Simpson was one of the victims of a swift early pace laid down by Elle Purrier St. Pierre, who finished in a meet record 3:58.03, a time all the more remarkable when considering it was done at a time when the temperature in the stands was 94 degrees, considerably hotter on the track. She was followed by Cory McGee (4:00.67) and Heather MacLean (4:02.09).
“I just needed to be in 4-flat shape and that was proven today by the three amazing women today who made the team,” Simpson said.
Chris Nilsen was just out of high school when he competed in the 2016 Trials pole vault. He didn’t place.

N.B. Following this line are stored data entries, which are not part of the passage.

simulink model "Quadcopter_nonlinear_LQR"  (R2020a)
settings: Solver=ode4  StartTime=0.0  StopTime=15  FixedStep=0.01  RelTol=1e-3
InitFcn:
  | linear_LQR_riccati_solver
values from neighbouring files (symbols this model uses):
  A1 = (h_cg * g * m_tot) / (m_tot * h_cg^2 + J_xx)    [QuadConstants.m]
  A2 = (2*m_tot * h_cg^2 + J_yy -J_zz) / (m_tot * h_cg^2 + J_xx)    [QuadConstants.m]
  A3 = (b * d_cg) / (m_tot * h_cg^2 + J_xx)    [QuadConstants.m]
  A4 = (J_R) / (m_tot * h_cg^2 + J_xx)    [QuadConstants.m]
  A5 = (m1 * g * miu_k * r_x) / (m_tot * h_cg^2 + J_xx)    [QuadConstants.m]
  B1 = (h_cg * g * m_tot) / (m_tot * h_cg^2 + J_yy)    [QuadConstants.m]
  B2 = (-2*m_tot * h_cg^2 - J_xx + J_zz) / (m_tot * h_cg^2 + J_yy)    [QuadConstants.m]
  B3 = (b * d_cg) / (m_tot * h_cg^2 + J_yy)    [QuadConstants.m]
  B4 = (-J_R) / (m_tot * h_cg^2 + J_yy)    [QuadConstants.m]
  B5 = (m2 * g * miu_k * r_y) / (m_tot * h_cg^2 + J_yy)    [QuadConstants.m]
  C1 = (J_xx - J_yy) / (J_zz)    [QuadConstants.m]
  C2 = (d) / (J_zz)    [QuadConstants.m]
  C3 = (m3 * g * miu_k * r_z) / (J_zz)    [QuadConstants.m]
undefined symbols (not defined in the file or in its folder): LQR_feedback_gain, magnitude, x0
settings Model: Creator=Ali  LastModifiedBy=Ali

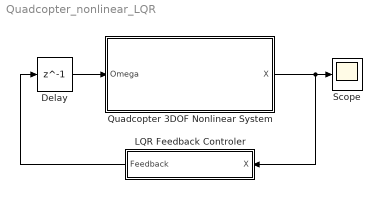
== system Quadcopter_nonlinear_LQR ==
  Delay : Delay  DelayLength=1
  LQR Feedback Controler : Subsystem
  Quadcopter 3DOF Nonlinear System : Subsystem  TreatAsAtomicUnit=on
  Scope : Scope
  wires:
  Quadcopter 3DOF Nonlinear System/1(X) -> LQR Feedback Controler/1(X), Scope/1
  LQR Feedback Controler/1(Feedback) -> Delay/1
  Delay/1 -> Quadcopter 3DOF Nonlinear System/1(Omega)

== system Quadcopter_nonlinear_LQR/LQR Feedback Controler ==
  X : Inport
  Add : Sum
  Constant : Constant  Value=LQR_feedback_gain
  Constant1 : Constant  Value=2000
  Product : Product  Multiplication=Matrix(*)
  Feedback : Outport
  wires:
  X/1 -> Product/2
  Constant/1 -> Product/1
  Product/1 -> Add/2
  Constant1/1 -> Add/1
  Add/1 -> Feedback/1

== system Quadcopter_nonlinear_LQR/Quadcopter 3DOF Nonlinear System ==
  Omega : Inport
  Integrator : Integrator  InitialCondition=x0
  Quad System : Subsystem
  X : Outport
  wires:
  Integrator/1 -> Quad System/1(X), X/1  "X"
  Quad System/1(dot(X)) -> Integrator/1  "dot(X)"
  Omega/1 -> Quad System/2(Omega)

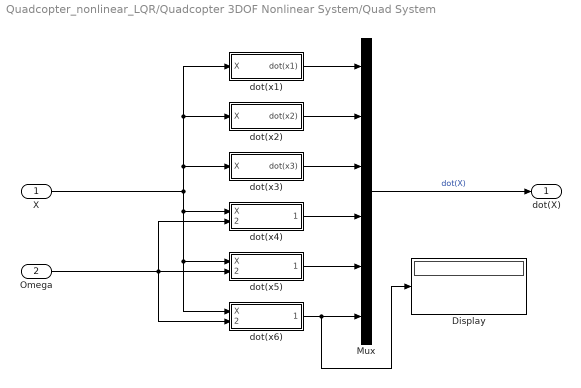
== system Quadcopter_nonlinear_LQR/Quadcopter 3DOF Nonlinear System/Quad System ==
  X : Inport
  Omega : Inport  Port=2
  Display : Display
  Mux : Mux  Inputs=6
  dot(x1) : Subsystem
  dot(x2) : Subsystem
  dot(x3) : Subsystem
  dot(x4) : Subsystem
  dot(x5) : Subsystem
  dot(x6) : Subsystem
  dot(X) : Outport
  wires:
  Mux/1 -> dot(X)/1  "dot(X)"
  X/1 -> dot(x1)/1(X), dot(x2)/1(X), dot(x3)/1(X), dot(x6)/1(X), dot(x5)/1(X), dot(x4)/1(X)
  Omega/1 -> dot(x4)/2(Omega), dot(x6)/2(Omega), dot(x5)/2(Omega)
  dot(x5)/1(dot(x5)) -> Mux/5
  dot(x2)/1(dot(x2)) -> Mux/2
  dot(x4)/1(dot(x4)) -> Mux/4
  dot(x3)/1(dot(x3)) -> Mux/3
  dot(x1)/1(dot(x1)) -> Mux/1
  dot(x6)/1(dot(x6)) -> Display/1, Mux/6

== system Quadcopter_nonlinear_LQR/Quadcopter 3DOF Nonlinear System/Quad System/dot(x1) ==
  X : Inport
  1 : Subsystem
  Add : Sum  Inputs=+++
  Subsystem : Subsystem
  Subsystem1 : Subsystem
  dot(x1) : Outport
  wires:
  X/1 -> Subsystem1/1(X), Subsystem/1(X), 1/1(X)  "X"
  Subsystem1/1(x4) -> Add/3
  Subsystem/1(x6cos(x1)tan(x2)) -> Add/2
  Add/1 -> dot(x1)/1
  1/1(x5sin(x1)tan(x2)) -> Add/1

== system Quadcopter_nonlinear_LQR/Quadcopter 3DOF Nonlinear System/Quad System/dot(x2) ==
  X : Inport
  1 : Subsystem
  Add : Sum  Inputs=+-
  Subsystem : Subsystem
  dot(x2) : Outport
  wires:
  X/1 -> 1/1(X), Subsystem/1(X)  "X"
  Subsystem/1(x6sin(x1)) -> Add/2
  Add/1 -> dot(x2)/1
  1/1(x5cos(x1)) -> Add/1

== system Quadcopter_nonlinear_LQR/Quadcopter 3DOF Nonlinear System/Quad System/dot(x3) ==
  X : Inport
  1 : Subsystem
  Add : Sum
  Product : Product
  Subsystem : Subsystem
  Subsystem1 : Subsystem
  dot(x3) : Outport
  wires:
  X/1 -> Subsystem1/1(X), Subsystem/1(X), 1/1(X)  "X"
  Subsystem/1(x6cos(x1)) -> Add/2
  1/1(x5sin(x1)) -> Add/1
  Product/1 -> dot(x3)/1
  Add/1 -> Product/1
  Subsystem1/1(sec(x2)) -> Product/2

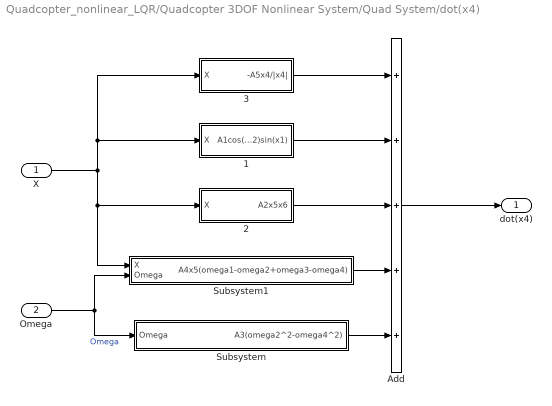
== system Quadcopter_nonlinear_LQR/Quadcopter 3DOF Nonlinear System/Quad System/dot(x4) ==
  X : Inport
  Omega : Inport  Port=2
  1 : Subsystem
  2 : Subsystem
  3 : Subsystem
  Add : Sum  Inputs=+++++
  Subsystem : Subsystem
  Subsystem1 : Subsystem
  dot(x4) : Outport
  wires:
  X/1 -> Subsystem1/1(X), 2/1(X), 3/1(X), 1/1(X)
  Omega/1 -> Subsystem1/2(Omega), Subsystem/1(Omega)  "Omega"
  Add/1 -> dot(x4)/1
  3/1("-A5x4/|x4| ") -> Add/1
  1/1(A1cos(x2)sin(x1)) -> Add/2
  2/1(A2x5x6) -> Add/3
  Subsystem1/1(A4x5(omega1-omega2+omega3-omega4)) -> Add/4
  Subsystem/1(A3(omega2^2-omega4^2)) -> Add/5

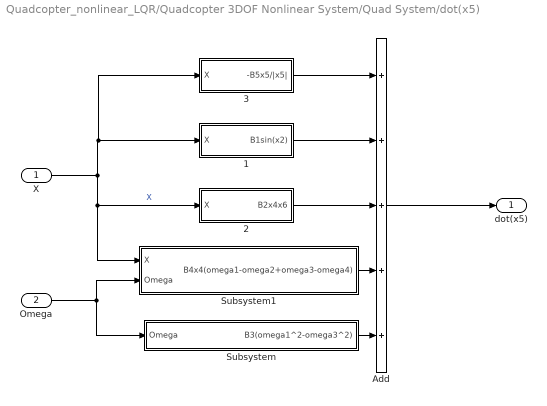
== system Quadcopter_nonlinear_LQR/Quadcopter 3DOF Nonlinear System/Quad System/dot(x5) ==
  X : Inport
  Omega : Inport  Port=2
  1 : Subsystem
  2 : Subsystem
  3 : Subsystem
  Add : Sum  Inputs=+++++
  Subsystem : Subsystem
  Subsystem1 : Subsystem
  dot(x5) : Outport
  wires:
  X/1 -> Subsystem1/1(X), 2/1(X), 3/1(X), 1/1(X)  "X"
  Omega/1 -> Subsystem/1(Omega), Subsystem1/2(Omega)
  Add/1 -> dot(x5)/1
  3/1("-B5x5/|x5| ") -> Add/1
  1/1(B1sin(x2)) -> Add/2
  2/1(B2x4x6) -> Add/3
  Subsystem1/1(B4x4(omega1-omega2+omega3-omega4)) -> Add/4
  Subsystem/1(B3(omega1^2-omega3^2)) -> Add/5

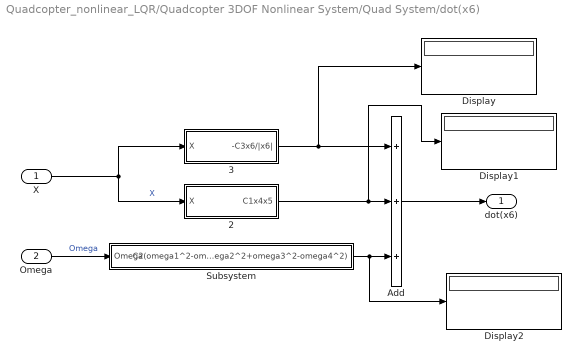
== system Quadcopter_nonlinear_LQR/Quadcopter 3DOF Nonlinear System/Quad System/dot(x6) ==
  X : Inport
  Omega : Inport  Port=2
  2 : Subsystem
  3 : Subsystem
  Add : Sum  Inputs=+++
  Display : Display
  Display1 : Display
  Display2 : Display
  Subsystem : Subsystem
  dot(x6) : Outport
  wires:
  Omega/1 -> Subsystem/1(Omega)  "Omega"
  Add/1 -> dot(x6)/1
  3/1("-C3x6/|x6| ") -> Display/1, Add/1
  2/1(C1x4x5) -> Display1/1, Add/2
  Subsystem/1(C2(omega1^2-omega2^2+omega3^2-omega4^2)) -> Display2/1, Add/3
  X/1 -> 3/1(X), 2/1(X)  "X"

== system Quadcopter_nonlinear_LQR/Quadcopter 3DOF Nonlinear System/Quad System/dot(x1)/1 ==
  X : Inport
  Demux : Demux  Outputs=6
  Subsystem : Subsystem
  Terminator : Terminator
  Terminator1 : Terminator
  Terminator2 : Terminator
  x5sin(x1)tan(x2) : Outport
  wires:
  Demux/2 -> Subsystem/2(x2)  "x2"
  Demux/4 -> Terminator1/1  "x4"
  X/1 -> Demux/1  "x"
  Demux/1 -> Subsystem/1(x1)  "x1"
  Demux/3 -> Terminator/1  "x3"
  Demux/6 -> Terminator2/1  "x6"
  Demux/5 -> Subsystem/3(x5)  "x5"
  Subsystem/1(x5sin(x1)tan(x2)) -> x5sin(x1)tan(x2)/1

== system Quadcopter_nonlinear_LQR/Quadcopter 3DOF Nonlinear System/Quad System/dot(x1)/Subsystem ==
  X : Inport
  Demux : Demux  Outputs=6
  Subsystem1 : Subsystem
  Terminator : Terminator
  Terminator1 : Terminator
  Terminator3 : Terminator
  x6cos(x1)tan(x2) : Outport
  wires:
  Demux/1 -> Subsystem1/1(x1)  "x1"
  Demux/3 -> Terminator/1  "x3"
  Demux/4 -> Terminator1/1  "x4"
  Demux/5 -> Terminator3/1  "x5"
  Demux/6 -> Subsystem1/3(x6)  "x6"
  Subsystem1/1(x6cos(x1)tan(x2)) -> x6cos(x1)tan(x2)/1  "x6cos(x1)tan(x2)"
  X/1 -> Demux/1  "X"
  Demux/2 -> Subsystem1/2(x2)  "x2"

== system Quadcopter_nonlinear_LQR/Quadcopter 3DOF Nonlinear System/Quad System/dot(x1)/Subsystem1 ==
  X : Inport
  Demux : Demux  Outputs=6
  Terminator{,2..5} (5 alike) : Terminator
  x4 : Outport
  wires:
  Demux/6 -> Terminator5/1  "x6"
  X/1 -> Demux/1
  Demux/3 -> Terminator/1  "x3"
  Demux/1 -> Terminator4/1  "x1"
  Demux/2 -> Terminator2/1  "x2"
  Demux/5 -> Terminator3/1  "x5"
  Demux/4 -> x4/1  "x4"

== system Quadcopter_nonlinear_LQR/Quadcopter 3DOF Nonlinear System/Quad System/dot(x2)/1 ==
  X : Inport
  Demux : Demux  Outputs=6
  Subsystem : Subsystem
  Terminator{,1..3} (4 alike) : Terminator
  x5cos(x1) : Outport
  wires:
  Demux/4 -> Terminator1/1  "x4"
  X/1 -> Demux/1  "x"
  Demux/1 -> Subsystem/1(x1)  "x1"
  Demux/3 -> Terminator/1  "x3"
  Demux/6 -> Terminator2/1  "x6"
  Demux/5 -> Subsystem/2(x5)  "x5"
  Subsystem/1(Out1) -> x5cos(x1)/1
  Demux/2 -> Terminator3/1  "x2"

== system Quadcopter_nonlinear_LQR/Quadcopter 3DOF Nonlinear System/Quad System/dot(x2)/Subsystem ==
  X : Inport
  Demux : Demux  Outputs=6
  Subsystem1 : Subsystem
  Terminator{,1..3} (4 alike) : Terminator
  x6sin(x1) : Outport
  wires:
  Demux/1 -> Subsystem1/1(x1)  "x1"
  Demux/3 -> Terminator/1  "x3"
  Demux/4 -> Terminator1/1  "x4"
  Demux/5 -> Terminator3/1  "x5"
  Demux/6 -> Subsystem1/2(x6)  "x6"
  Subsystem1/1(Out1) -> x6sin(x1)/1  "x6sin(x1)"
  X/1 -> Demux/1  "X"
  Demux/2 -> Terminator2/1  "x2"

== system Quadcopter_nonlinear_LQR/Quadcopter 3DOF Nonlinear System/Quad System/dot(x3)/1 ==
  X : Inport
  Demux : Demux  Outputs=6
  Subsystem : Subsystem
  Terminator{,1..3} (4 alike) : Terminator
  x5sin(x1) : Outport
  wires:
  Demux/4 -> Terminator1/1  "x4"
  X/1 -> Demux/1  "x"
  Demux/1 -> Subsystem/1(x1)  "x1"
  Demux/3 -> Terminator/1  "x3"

“When I came to the Olympics Trials in 2016, my goal was to get a pic with Sam Kendricks, the American record holder,” Nilsen said.
Monday the former NCAA champion knocked off Kendricks, the two-time world champion, in winning the first meet in U.S. history to see three vaulters clear 5.85 meters (19 feet, 2¼ inches).
Nilsen topped 19-4¼ with Kendricks and K.C. Lightfoot tied for second at 19-2¼.
“This’ll go down in history as the hardest team ever to make,” Kendricks said.
Few know better than Brazier the pain caused when this meet puts the Trials in Olympic Trials.
He entered the 2016 meet as the favorite yet didn’t make it out of the first round. He came into this Olympic season not only the Tokyo favorite but mentioned as someone capable of doing what not so long ago was considered unthinkable – challenging David Rudisha of Kenya’s 9-year-old world record of 1:40.91.
But the race was thrown into chaos from the gun by USC’s Isaiah Jewett, the NCAA champion. Jewett took the lead on the first backstretch, then seemed to surge at the 200-meter mark, passing the bell at 400 in 50.60 and with a sizable gap on the rest of the field.
Brazier went through in 51.00 in second, with Bryce Hoppel, fourth at the 2019 Worlds, even further back at 51.23.
“When he pushed it, we had that gap,” Brazier said. “I didn’t like that gap. I tried covering it, but I couldn’t.
Brazier tried to strike on the final backstretch.
“I think I made a move a little too early and paid the price for it in the last 200,” he said.
Indeed when former Nike Oregon Project teammate Clayton Murphy passed him heading into the final turn, Brazier knew he was done.
“I think this was the first time since I’ve been coached by Pete Julian where I really couldn’t bring it,” Brazier said referring to his longtime coach.
Standing next to the pole vault runway, Kendrick watched the 800 final unfold without his friend.
“A gold medal brings golden handcuffs,” Kendricks said. “Wherever we go somewhere it’s a world champion and they expect a world champion’s effort. People follow in your wake when you’re ahead of the game. It’s a game of inches, it’s a game of effort, it’s a game of heart and I can’t believe there was any heart lacking in the last part of the 800.”
Murphy, the 2016 Olympic bronze medalist, rode a scorching 51.50 last lap to a world-leading 1:43.17 victory.Jewett held on for second in a personal best of 1:43.65. Hoppel secured third place in 1:44.14. Harris was fourth in 1:44.58.
“I blanked out,” Jewett said of the final 200. “I was in my own world. And I just kept pushing. Coach Watts just told me when the pain comes, that’s when you know greatness is about to occur,” Jewett said, referring to Trojans coach Quincy Watts, the 1992 Olympic 400 champion. “Push through it, whether you win or lose. And you’ll learn something.”
Brazier found no lessons in his latest Trials heartbreak.
“I can’t take away anything from this experience,” he said. “I ran pretty (expletive).”
The Trials’ ultimate lesson, the meet’s cold, hard truth, however, was not lost on Simpson.
“The sport goes on without you,” she said. “You don’t make the Games and the Games are fine and they go on without you.”